*Brief*. This exercise asks for every line of the material that contains the word "rotation".

*Recorded data*.
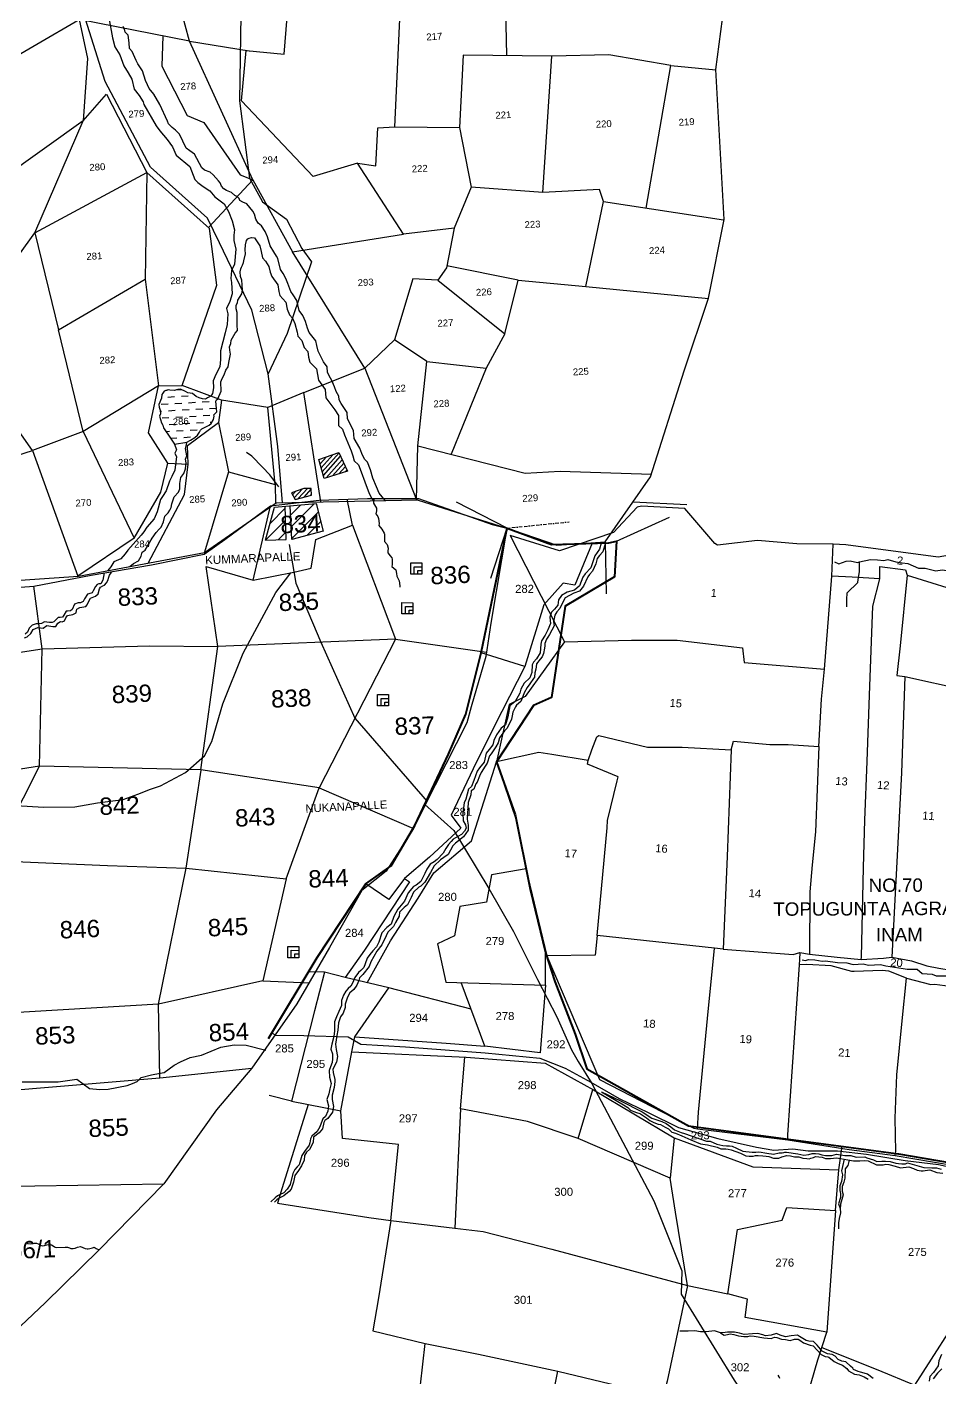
# Model space of a CAD drawing. Header units: inches. Extents: x 304037 to 460575, y 1453943 to 1639883.
# Drawn here: x 330705 to 332061, y 1604477 to 1606484 of the extents above; entities that cross this region are included whole.
import ezdxf

# ---------------------------------------------------------------- set-up
doc = ezdxf.new("R2010")
doc.units = ezdxf.units.IN
doc.header["$MEASUREMENT"] = 0
for name, pattern in [('ACAD_ISO02W100', [15, 12, -3]), ('ACAD_ISO07W100', [3, 0, -3]), ('BORDER', [1.75, 0.5, -0.25, 0.5, -0.25, 0, -0.25])]:
    doc.linetypes.add(name, pattern=pattern)
for name, color, linetype in [('CARTTRACK', 30, 'ACAD_ISO02W100'), ('NALA', 4, 'Continuous'), ('PLATS', 6, 'Continuous'), ('PLOT', 6, 'Continuous'), ('PLOT NO', 6, 'Continuous'), ('SQUAREWELL', 5, 'Continuous'), ('STREAM', 4, 'Continuous'), ('SURVEY_BND', 7, 'Continuous'), ('SURVEY_NO', 7, 'Continuous'), ('TEXT', 7, 'Continuous'), ('VILLAGE_AREA', 1, 'Continuous'), ('VILLAGEBON', 5, 'Continuous'), ('WATER_BODY', 4, 'Continuous')]:
    doc.layers.add(name, color=color, linetype=linetype)
doc.layers.add('FOOTPATH', color=150, linetype='ACAD_ISO07W100', lineweight=30)
doc.layers.add('VILL_BOUNDARY', color=6, linetype='BORDER', lineweight=30)
doc.styles.get("Standard").update_dxf_attribs({"font": 'arial.ttf'})

# ---------------------------------------------------------------- blocks, each defined once
blk = doc.blocks.new('KALUVOYA')
at = {"layer": 'VILLAGE_AREA', "linetype": 'ByBlock'}
h = blk.add_hatch(dxfattribs=at)
h.set_pattern_fill('ANSI31', color=256, scale=10, angle=180, style=0)
h.set_pattern_definition([(225, (-590.302, -65.8843), (0.8838835, -0.8838835), [])])
h.paths.add_polyline_path([(133.48, 209.28), (132.5, 213.24), (128.72, 212.93), (128.95, 208.05)])
h.paths.add_polyline_path([(127.98, 212.87), (126.45, 212.74), (125.16, 207.96), (128.17, 208.06)])
at = {"layer": 'CARTTRACK', "linetype": 'ByBlock'}
blk.add_lwpolyline([(89.11, 169.61), (93.16, 169.38), (97.67, 169.42), (100.92, 169.99), (104.62, 170.48), (106.76, 171.26), (108.59, 172), (110, 172.49), (113.61, 174.38), (116.35, 176.83), (117.41, 178.88), (119.02, 184.33), (121.95, 191.61), (126.66, 200.42), (128.84, 203.24)], dxfattribs=at)
at = {"layer": 'FOOTPATH', "linetype": 'ByBlock'}
for points in [[(128.59, 207.34), (129.56, 201.74), (133.14, 193.22), (138.08, 182.24), (148.53, 170.24)], [(90.05, 129.7), (95.25, 129.72), (97.97, 130.09), (99.79, 128.77), (101.29, 128.63), (102.51, 128.67), (105.25, 129.19), (106.01, 129.5), (106.68, 129.79), (107.26, 130.35), (108.76, 130.72), (109.23, 130.82), (110.56, 131.08), (112.04, 132.12), (112.92, 132.6), (114.34, 133.24), (115.97, 133.57), (118.74, 134.75), (120.69, 135.08), (122.42, 135.03), (125.28, 134.33)]]:
    blk.add_lwpolyline(points, dxfattribs=at)
at = {"layer": 'NALA', "linetype": 'ByBlock'}
for points in [[(140.8, 213.97), (140.76, 213.28), (141.18, 212.57), (141.2, 212.19), (141.11, 211.77), (141.39, 211.39), (141.49, 211.11), (141.56, 210.38), (141.54, 210.09), (141.95, 209.53), (142.32, 208.97), (142.34, 208.83), (142.36, 208.09), (142.34, 207.78), (142.74, 207.32), (142.87, 206.83), (142.84, 206.37), (142.83, 206.14), (143.15, 205.71), (143.4, 205.43), (143.44, 205.24), (143.44, 204.94), (143.44, 204.77), (143.44, 204.47), (143.43, 204.14), (143.99, 203.69), (144.1, 203.13), (144.13, 202.76), (144.49, 202.1), (144.56, 201.38), (144.58, 201.17)], [(101.87, 203.2), (101.7, 202.15), (101.4, 201.61), (101.12, 201.61), (100.88, 201.54), (100.62, 201.24), (100.28, 200.62), (100.14, 200.34), (99.65, 200.18), (99.46, 200.13), (99.04, 199.47), (98.82, 199.07), (98.47, 198.89), (98.12, 198.89), (97.6, 198.67), (97.24, 197.9), (97, 197.75), (96.57, 197.69), (96.37, 197.68), (96.05, 197.11), (95.85, 196.8), (95.5, 196.79), (95.21, 196.76), (94.9, 196.41), (94.62, 196.12), (94.35, 196.04), (93.99, 196.03), (93.61, 196.1), (93.25, 196.14), (92.8, 195.89), (92.55, 195.83), (92.27, 195.86), (92.03, 195.84), (91.46, 195.64), (91.04, 195.21), (90.81, 194.67), (90.46, 194.35)], [(90.38, 193.83), (90.77, 193.98), (91.26, 194.44), (91.61, 195.03), (92.29, 195.3), (93.06, 195.22), (93.59, 195.63), (94.45, 195.47), (94.9, 195.47), (95.18, 195.95), (95.58, 196.18), (95.79, 196.16), (96.16, 196.29), (96.36, 196.73), (96.57, 197.08), (97.36, 197.18), (97.84, 197.44), (97.89, 197.76), (97.91, 197.98), (98.35, 198.22), (99.21, 198.38), (99.43, 198.59), (99.66, 199.11), (99.9, 199.55), (100.62, 199.84), (101, 200.2), (101.21, 200.91), (101.33, 201.17), (101.66, 201.33), (101.9, 201.44), (102.21, 201.77), (102.39, 202.13), (102.52, 202.6), (102.65, 202.88), (102.87, 203.2), (102.99, 203.39)], [(90.69, 106.51), (90.91, 106.38), (91.3, 106.35), (91.8, 106.43), (92.17, 106.43), (92.39, 106.35), (92.73, 106.15), (92.98, 106.06), (93.33, 106.08), (93.65, 106.18), (94, 106.24), (94.33, 106.18), (94.69, 105.94), (94.83, 105.85), (94.99, 105.78), (96.3, 105.86), (96.63, 105.84), (96.94, 105.74), (97.11, 105.65), (97.45, 105.64), (97.73, 105.7), (98.1, 105.84), (98.5, 105.93), (98.84, 105.78), (99.18, 105.66), (99.48, 105.61), (99.6, 105.6), (99.88, 105.67), (100.23, 105.76), (100.37, 105.79), (100.5, 105.84), (100.77, 105.67), (101.19, 105.47)]]:
    blk.add_lwpolyline(points, dxfattribs=at)
at = {"layer": 'SQUAREWELL', "linetype": 'ByBlock'}
for points in [[(146.14, 204.69), (147.73, 204.69), (147.73, 203.05), (146.14, 203.05)], [(146.63, 204.12), (147.73, 204.12), (147.73, 203.05), (146.63, 203.05)], [(147.17, 203.6), (147.73, 203.6), (147.73, 203.05), (147.17, 203.05)], [(144.87, 198.94), (146.46, 198.94), (146.46, 197.31), (144.87, 197.31)], [(145.37, 198.37), (146.46, 198.37), (146.46, 197.31), (145.37, 197.31)], [(145.91, 197.85), (146.46, 197.85), (146.46, 197.31), (145.91, 197.31)], [(141.37, 185.67), (142.96, 185.67), (142.96, 184.03), (141.37, 184.03)], [(141.87, 185.1), (142.96, 185.1), (142.96, 184.03), (141.87, 184.03)], [(142.4, 184.58), (142.96, 184.58), (142.96, 184.03), (142.4, 184.03)], [(128.41, 149.3), (130, 149.3), (130, 147.67), (128.41, 147.67)], [(128.91, 148.73), (130, 148.73), (130, 147.67), (128.91, 147.67)], [(129.44, 148.21), (130, 148.21), (130, 147.67), (129.44, 147.67)]]:
    blk.add_lwpolyline(points, close=True, dxfattribs=at)
at = {"layer": 'SURVEY_BND', "linetype": 'ByBlock'}
for points in [[(92.93, 192.26), (108.4, 192.7), (118.28, 192.58), (116.6, 204.13), (123.37, 202.16), (125.89, 212.9)], [(123.37, 202.16), (129.24, 203.32), (131.78, 203.92), (132.44, 208.05), (137.71, 210.11), (136.94, 213.86)], [(137.71, 210.11), (143.96, 193.69), (118.28, 192.58)], [(76.69, 189.59), (83.75, 190.82), (92.93, 192.26), (91.71, 201.28)], [(143.96, 193.69), (132.92, 172.19), (146.56, 166.31)], [(143.96, 193.69), (157.09, 191.79)], [(92.53, 175.32), (64.53, 170.87), (48.58, 168.76), (54.35, 191.72)], [(115.86, 174.77), (92.57, 175.32), (92.93, 192.26)], [(132.92, 172.19), (115.86, 174.77), (118.28, 192.58)], [(58.98, 154.1), (67.29, 156.3), (75.25, 158.75), (85.64, 161.65), (92.53, 175.32)], [(85.64, 161.65), (102.38, 160.98), (113.75, 160.57), (115.9, 174.76)], [(113.75, 160.57), (128.16, 159.06), (132.92, 172.19)], [(109.73, 140.95), (76.47, 138.93), (85.64, 161.65)], [(124.82, 144.32), (109.73, 140.95), (113.75, 160.57)], [(128.16, 159.06), (124.82, 144.32), (131.47, 144.02)], [(76.47, 138.93), (75.16, 129.05), (87.57, 128.41), (109.95, 130.33), (109.73, 140.95)], [(109.95, 130.33), (123.22, 131.72)], [(85.65, 114.58), (110.56, 115.02)]]:
    blk.add_lwpolyline(points, dxfattribs=at)
at = {"layer": 'VILL_BOUNDARY', "linetype": 'ByBlock'}
blk.add_lwpolyline([(78.25, 200.28), (91.71, 201.28), (100, 202.88), (108.69, 204.36), (116.33, 205.91), (119.29, 208.05), (125.89, 212.9), (132.93, 213.72), (139.88, 213.96), (147.25, 214), (157.9, 210.25), (160, 209.72), (157.7, 196), (157, 191.18), (154.89, 183.89), (154.26, 181.6), (149.71, 172.6), (146.56, 166.31), (142.64, 160.19), (139.13, 157.39), (134.42, 149.13), (129.74, 141), (123.22, 131.72), (118.12, 125.7), (110.56, 115.02), (101.19, 105.47), (93.4, 97.83), (84.56, 89.48)], dxfattribs=at)
at = {"layer": 'VILL_BOUNDARY'}
blk.add_lwpolyline([(160, 209.72), (169.03, 210.62)], dxfattribs=at)
at = {"layer": 'VILLAGE_AREA', "linetype": 'ByBlock'}
for points in [[(125.16, 207.96), (126.45, 212.74), (132.5, 213.24), (133.48, 209.28), (128.95, 208.05), (128.72, 212.93)], [(125.16, 207.96), (128.17, 208.06), (127.98, 212.87)]]:
    blk.add_lwpolyline(points, dxfattribs=at)
at = {"layer": 'SURVEY_NO', "linetype": 'ByBlock'}
for s, p in [('834', (127.36, 208.94)), ('836', (149.02, 201.57)), ('833', (103.87, 198.43)), ('835', (127.13, 197.69)), ('839', (103.02, 184.38)), ('838', (126.03, 183.75)), ('837', (143.87, 179.8)), ('842', (101.25, 168.24)), ('843', (120.84, 166.57)), ('844', (131.43, 157.77)), ('846', (95.53, 150.4)), ('845', (116.92, 150.71)), ('853', (91.99, 135.06)), ('854', (117.05, 135.55)), ('855', (99.7, 121.73)), ('856/1', (86.29, 104.03))]:
    blk.add_text(s, height=2.5, rotation=2.5039, dxfattribs=at).set_placement(p)
at = {"layer": 'TEXT', "linetype": 'ByBlock'}
blk.add_text('KUMMARAPALLE', height=1.2, rotation=2.5039, dxfattribs=at).set_placement((116.47, 204.45))
blk = doc.blocks.new('NUKANAPALLE')
at = {"layer": 'VILLAGE_AREA', "linetype": 'ByBlock'}
h = blk.add_hatch(dxfattribs=at)
h.set_pattern_fill('ANSI31', color=256, scale=10, angle=180, style=0)
h.set_pattern_definition([(225, (-581.7267, -113.4055), (0.8838835, -0.8838835), [])])
h.paths.add_polyline_path([(115.39, -337.7), (107.95, -339.79), (109.56, -346.81), (118.22, -344.64)])
h.paths.add_polyline_path([(104.61, -350.19), (101.89, -350.03), (97.32, -351.42), (98.52, -353.86), (104.61, -352.71)])
at = {"layer": 'WATER_BODY', "linetype": 'ByBlock'}
h = blk.add_hatch(dxfattribs=at)
h.set_pattern_fill('DASH', color=256, scale=20, angle=180, style=0)
h.set_pattern_definition([(180, (-581.9129, -113.3818), (-2.5, -2.5), [2.5, -2.5])])
h.paths.add_polyline_path([(61.67, -312.89), (60.76, -312.38), (59.08, -311.39), (58.05, -311.46), (56.71, -311.72), (55.2, -311.52), (54.58, -311.37), (53.12, -311.81), (52.57, -312.51), (52.15, -312.95), (51.89, -314.29), (50.79, -316.54), (50.91, -317.59), (51.24, -318.6), (51.22, -320), (50.87, -320.78), (51.49, -323.34), (51.9, -324.18), (52.1, -325.15), (54.41, -329.07), (55.8, -331.35), (60.31, -330.8), (61.7, -330.21), (63.28, -329.35), (64.27, -328.49), (65.06, -327.41), (65.45, -326.7), (65.99, -326.3), (66.76, -326), (68.8, -325.14), (69.46, -324.5), (70.45, -323.15), (70.7, -321.89), (70.63, -321.43), (71.78, -320.43), (71.78, -319.21), (71.74, -317.87), (71.67, -316.54), (71.89, -315.97), (72.39, -315.64), (69.97, -314.58), (68.74, -315.17), (68, -315.54), (66.86, -315.4), (65.67, -314.93), (64.61, -314.46), (63.38, -313.19)])
h.paths.add_polyline_path([(26.27, -319.86), (65.28, -319.86), (65.28, -316.02), (26.27, -316.02)], flags=9)
h.paths.add_polyline_path([(55.05, -324.96), (60.5, -324.96), (60.5, -321.92), (55.05, -321.92)], flags=24)
at = {"layer": 'CARTTRACK', "linetype": 'ByBlock'}
for points in [[(185.33, 213.78), (133.74, 199.3), (130.26, 196.72), (129.59, 185.24), (120.82, 175.45), (119.98, 145.74), (92.45, 139.28), (77.16, 110.09), (74.92, 79.62), (71.4, 46.82), (72.99, 16.03), (52.5, -52.63), (53.42, -70.68), (67.15, -116.72), (88.69, -176.42), (86.35, -207.68), (88.46, -236.08), (92.66, -244.89), (101.12, -251.74), (106.12, -262.69), (109.27, -267.71), (99.03, -293.36), (91.29, -307.64)], [(93.9, -354.84), (93.35, -334.27), (91.29, -307.64), (86.67, -284.1), (76.27, -258.93), (72.39, -249.79), (52.66, -229.98), (37.84, -197.91), (27.87, -158.59), (25.48, -150.34), (12.61, -137.23), (-14.28, -117.21), (-43.65, -98.08), (-77.15, -82.91), (-112.61, -69.67), (-122.13, -57.58), (-138.52, -33.21), (-138.52, -32.56)]]:
    blk.add_lwpolyline(points, dxfattribs=at)
at = {"layer": 'FOOTPATH', "linetype": 'ByBlock'}
blk.add_lwpolyline([(92.84, -349), (89.78, -344.39), (87.28, -341.45), (83.62, -337.29), (81.73, -335.85)], dxfattribs=at)
at = {"layer": 'NALA', "linetype": 'ByBlock'}
for points in [[(40.56, -174.77), (41.48, -182.21), (42.11, -185.47), (43.72, -188.52), (45.02, -192.55), (46.43, -195.16), (47.66, -197.64), (48.3, -201.28), (50, -203.69), (51.29, -206.05), (51.55, -207.05), (55.53, -215.13), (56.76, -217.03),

*Reply*.
    blk.add_text(s, height=2.5, rotation=2.5039, dxfattribs=at).set_placement(p)
blk.add_text('KUMMARAPALLE', height=1.2, rotation=2.5039, dxfattribs=at).set_placement((116.47, 204.45))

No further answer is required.